Reputation: 19
char *p = "hello";
p = "hello_2";
Here string "hello" was stored in memory and its address was present in pointer 'p' but when this pointer starts pointing to string "hello_2", what will happen to the memory where the string "hello" was stored? Will it be freed or this string remains there but we can't access it?
Upvotes: 1
Views: 85
Reputation: 19
There are different memory sections to which the globals, heap, code and string literals go to. It is specific to the compiler used.
gcc makes a .rodata section which is a read-only section and the string literals are stored there.
Visual C++ creates a .rdata section for the read only section.
You can use objdump (on linux) to check different sections for your binary.
Upvotes: 0
Reputation: 34588
You are actually creating a string literal named "hello"

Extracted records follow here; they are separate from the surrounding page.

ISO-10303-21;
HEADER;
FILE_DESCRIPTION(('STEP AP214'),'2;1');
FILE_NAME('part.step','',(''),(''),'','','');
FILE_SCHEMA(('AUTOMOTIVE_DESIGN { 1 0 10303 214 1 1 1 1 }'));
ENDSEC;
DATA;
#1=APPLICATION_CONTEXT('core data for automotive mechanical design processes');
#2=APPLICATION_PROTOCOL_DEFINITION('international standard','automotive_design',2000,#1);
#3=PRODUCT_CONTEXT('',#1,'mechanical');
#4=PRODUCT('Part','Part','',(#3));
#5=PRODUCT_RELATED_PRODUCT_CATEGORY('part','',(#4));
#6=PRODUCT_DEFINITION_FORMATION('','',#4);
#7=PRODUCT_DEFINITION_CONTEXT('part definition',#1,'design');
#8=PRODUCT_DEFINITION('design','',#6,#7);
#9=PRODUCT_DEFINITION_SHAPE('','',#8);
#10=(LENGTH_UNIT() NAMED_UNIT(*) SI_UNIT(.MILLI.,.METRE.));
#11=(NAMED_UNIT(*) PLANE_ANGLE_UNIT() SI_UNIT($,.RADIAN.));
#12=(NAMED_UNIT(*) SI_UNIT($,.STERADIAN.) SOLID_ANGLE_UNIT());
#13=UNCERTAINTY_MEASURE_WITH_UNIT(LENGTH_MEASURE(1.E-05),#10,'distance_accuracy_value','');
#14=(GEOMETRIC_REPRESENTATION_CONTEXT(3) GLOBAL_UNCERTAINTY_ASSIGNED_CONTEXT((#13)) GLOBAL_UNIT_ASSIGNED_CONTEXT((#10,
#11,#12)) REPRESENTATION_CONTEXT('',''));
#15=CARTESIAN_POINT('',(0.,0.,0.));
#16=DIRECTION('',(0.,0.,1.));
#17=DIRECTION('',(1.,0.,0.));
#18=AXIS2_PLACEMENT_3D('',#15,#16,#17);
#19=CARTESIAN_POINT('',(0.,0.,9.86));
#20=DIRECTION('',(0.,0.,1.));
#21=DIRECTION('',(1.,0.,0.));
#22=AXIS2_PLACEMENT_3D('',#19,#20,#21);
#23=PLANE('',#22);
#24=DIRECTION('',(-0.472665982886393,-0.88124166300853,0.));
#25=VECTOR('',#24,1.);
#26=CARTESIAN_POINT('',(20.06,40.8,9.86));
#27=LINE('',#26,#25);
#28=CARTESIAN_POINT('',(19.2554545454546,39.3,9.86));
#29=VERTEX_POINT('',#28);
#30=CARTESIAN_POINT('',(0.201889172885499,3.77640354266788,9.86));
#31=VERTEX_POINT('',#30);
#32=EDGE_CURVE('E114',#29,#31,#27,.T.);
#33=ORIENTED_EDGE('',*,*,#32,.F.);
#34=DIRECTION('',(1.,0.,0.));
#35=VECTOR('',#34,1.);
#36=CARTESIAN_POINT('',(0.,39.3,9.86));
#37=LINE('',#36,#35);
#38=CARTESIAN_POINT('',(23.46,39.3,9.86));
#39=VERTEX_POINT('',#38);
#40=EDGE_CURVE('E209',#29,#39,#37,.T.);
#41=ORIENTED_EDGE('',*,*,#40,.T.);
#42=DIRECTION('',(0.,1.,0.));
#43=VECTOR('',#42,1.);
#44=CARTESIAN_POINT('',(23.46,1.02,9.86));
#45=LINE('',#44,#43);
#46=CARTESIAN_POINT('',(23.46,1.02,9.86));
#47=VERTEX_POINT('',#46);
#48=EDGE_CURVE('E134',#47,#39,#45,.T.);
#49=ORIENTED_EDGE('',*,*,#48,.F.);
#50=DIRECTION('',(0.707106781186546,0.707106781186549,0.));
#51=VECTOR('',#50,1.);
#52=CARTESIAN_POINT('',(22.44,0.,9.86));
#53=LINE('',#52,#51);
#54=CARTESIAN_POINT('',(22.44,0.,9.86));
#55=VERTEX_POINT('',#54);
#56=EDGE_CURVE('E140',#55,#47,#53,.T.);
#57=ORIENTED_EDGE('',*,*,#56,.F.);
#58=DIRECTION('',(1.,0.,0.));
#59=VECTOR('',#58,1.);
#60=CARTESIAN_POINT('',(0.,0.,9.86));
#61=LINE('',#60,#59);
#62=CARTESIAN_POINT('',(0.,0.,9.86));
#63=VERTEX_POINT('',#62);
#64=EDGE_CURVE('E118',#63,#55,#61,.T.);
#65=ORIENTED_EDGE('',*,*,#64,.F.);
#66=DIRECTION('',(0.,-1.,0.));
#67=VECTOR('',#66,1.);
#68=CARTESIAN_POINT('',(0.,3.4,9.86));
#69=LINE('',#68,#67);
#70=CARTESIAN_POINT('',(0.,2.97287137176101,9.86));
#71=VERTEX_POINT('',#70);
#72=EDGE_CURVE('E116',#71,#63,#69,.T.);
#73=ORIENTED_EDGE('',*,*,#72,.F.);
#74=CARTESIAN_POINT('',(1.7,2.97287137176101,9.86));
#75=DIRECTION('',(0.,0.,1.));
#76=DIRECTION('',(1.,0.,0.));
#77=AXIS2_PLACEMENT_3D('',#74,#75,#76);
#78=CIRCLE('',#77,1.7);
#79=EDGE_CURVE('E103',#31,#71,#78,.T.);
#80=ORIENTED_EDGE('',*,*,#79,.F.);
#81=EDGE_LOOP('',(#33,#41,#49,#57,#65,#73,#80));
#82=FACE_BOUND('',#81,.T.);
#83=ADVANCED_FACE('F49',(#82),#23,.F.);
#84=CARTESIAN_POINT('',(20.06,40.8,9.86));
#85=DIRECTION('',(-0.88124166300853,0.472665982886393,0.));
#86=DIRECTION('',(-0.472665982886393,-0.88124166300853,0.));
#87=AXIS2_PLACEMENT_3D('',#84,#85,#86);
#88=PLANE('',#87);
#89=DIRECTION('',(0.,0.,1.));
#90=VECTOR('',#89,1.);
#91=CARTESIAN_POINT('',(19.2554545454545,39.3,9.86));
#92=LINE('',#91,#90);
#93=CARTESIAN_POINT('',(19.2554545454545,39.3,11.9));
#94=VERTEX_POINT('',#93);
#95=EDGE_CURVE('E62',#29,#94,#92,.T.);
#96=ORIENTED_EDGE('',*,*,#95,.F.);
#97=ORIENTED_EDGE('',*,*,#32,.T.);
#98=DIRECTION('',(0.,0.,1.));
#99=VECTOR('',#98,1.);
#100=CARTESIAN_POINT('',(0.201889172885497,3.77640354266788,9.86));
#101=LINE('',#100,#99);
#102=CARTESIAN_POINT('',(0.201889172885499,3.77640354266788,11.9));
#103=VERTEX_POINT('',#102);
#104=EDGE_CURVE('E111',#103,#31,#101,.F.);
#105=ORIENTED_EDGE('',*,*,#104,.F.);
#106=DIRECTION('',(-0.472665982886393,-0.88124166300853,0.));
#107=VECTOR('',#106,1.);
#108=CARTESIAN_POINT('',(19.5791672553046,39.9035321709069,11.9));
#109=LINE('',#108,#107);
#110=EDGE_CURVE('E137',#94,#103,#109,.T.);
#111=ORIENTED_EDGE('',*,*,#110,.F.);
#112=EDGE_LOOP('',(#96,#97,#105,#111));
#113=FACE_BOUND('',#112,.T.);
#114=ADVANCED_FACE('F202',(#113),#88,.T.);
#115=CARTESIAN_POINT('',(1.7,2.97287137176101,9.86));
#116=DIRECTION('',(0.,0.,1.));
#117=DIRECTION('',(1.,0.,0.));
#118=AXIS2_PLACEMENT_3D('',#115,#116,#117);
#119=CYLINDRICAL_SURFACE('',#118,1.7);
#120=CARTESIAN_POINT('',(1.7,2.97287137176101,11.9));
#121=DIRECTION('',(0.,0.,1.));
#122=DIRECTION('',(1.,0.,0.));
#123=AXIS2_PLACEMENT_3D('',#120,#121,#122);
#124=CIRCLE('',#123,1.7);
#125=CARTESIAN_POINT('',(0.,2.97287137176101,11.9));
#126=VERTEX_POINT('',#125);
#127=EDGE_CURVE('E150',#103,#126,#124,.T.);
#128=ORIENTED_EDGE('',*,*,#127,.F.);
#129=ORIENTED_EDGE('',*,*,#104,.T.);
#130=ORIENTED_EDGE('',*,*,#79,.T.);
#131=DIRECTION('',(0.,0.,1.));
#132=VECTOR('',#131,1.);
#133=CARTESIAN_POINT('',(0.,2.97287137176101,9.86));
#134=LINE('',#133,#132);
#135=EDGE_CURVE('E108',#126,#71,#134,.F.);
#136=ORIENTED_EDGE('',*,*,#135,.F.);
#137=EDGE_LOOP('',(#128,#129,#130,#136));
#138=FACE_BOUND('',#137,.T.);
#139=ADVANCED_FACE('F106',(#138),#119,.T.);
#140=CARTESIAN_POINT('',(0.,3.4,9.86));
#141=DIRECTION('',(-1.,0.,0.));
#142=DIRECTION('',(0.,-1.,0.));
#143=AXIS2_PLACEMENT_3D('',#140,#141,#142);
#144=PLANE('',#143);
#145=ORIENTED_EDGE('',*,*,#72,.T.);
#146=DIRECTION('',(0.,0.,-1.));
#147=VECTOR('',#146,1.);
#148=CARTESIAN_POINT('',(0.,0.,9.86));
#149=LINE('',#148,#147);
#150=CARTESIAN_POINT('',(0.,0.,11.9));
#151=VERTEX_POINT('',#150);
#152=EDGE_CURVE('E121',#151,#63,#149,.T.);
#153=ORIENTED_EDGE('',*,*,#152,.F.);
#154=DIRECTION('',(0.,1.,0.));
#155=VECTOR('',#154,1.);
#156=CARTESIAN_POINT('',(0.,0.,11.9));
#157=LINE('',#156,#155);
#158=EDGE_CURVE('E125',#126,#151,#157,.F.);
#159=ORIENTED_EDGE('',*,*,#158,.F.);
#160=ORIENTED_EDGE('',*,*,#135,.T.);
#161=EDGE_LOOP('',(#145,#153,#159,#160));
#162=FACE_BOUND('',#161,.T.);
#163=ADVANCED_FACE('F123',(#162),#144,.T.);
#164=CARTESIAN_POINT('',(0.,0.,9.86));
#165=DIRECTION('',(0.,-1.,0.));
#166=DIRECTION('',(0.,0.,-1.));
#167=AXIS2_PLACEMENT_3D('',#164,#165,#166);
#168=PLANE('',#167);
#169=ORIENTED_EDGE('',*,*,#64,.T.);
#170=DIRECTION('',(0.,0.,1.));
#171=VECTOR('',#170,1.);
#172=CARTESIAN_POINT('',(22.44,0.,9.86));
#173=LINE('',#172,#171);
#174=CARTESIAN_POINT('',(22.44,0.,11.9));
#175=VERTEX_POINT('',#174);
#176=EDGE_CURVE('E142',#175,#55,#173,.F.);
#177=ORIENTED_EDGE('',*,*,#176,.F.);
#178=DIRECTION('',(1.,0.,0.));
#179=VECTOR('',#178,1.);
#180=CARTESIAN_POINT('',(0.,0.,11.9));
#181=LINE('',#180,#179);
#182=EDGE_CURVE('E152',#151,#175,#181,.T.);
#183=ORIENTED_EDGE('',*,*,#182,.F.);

allocating it somewhere in the memory , and assigning the address of first character of the literal to the pointer p
, and as the pointer is not constant you can assign it again with different addresses. And one more important point to note is that the string literal created are in read only memory.
Upvotes: 1
Reputation: 19864
What you have is a string constant and it is stored in read-only memory.
So this memory is not required to be freed explicitly using free()
Till the lifetime of the variable p
is valid you can access the stored string.
Upvotes: 2
Reputation: 13073
The memory will not be freed. But would not (in this case), be lost. The code knows where the string is, and uses it each time the fragment is run, to assign to the pointer p.
Memory which is on the heap does need to be freed (result of malloc
or strdup
).
Memory which is on the stack does not need to be freed.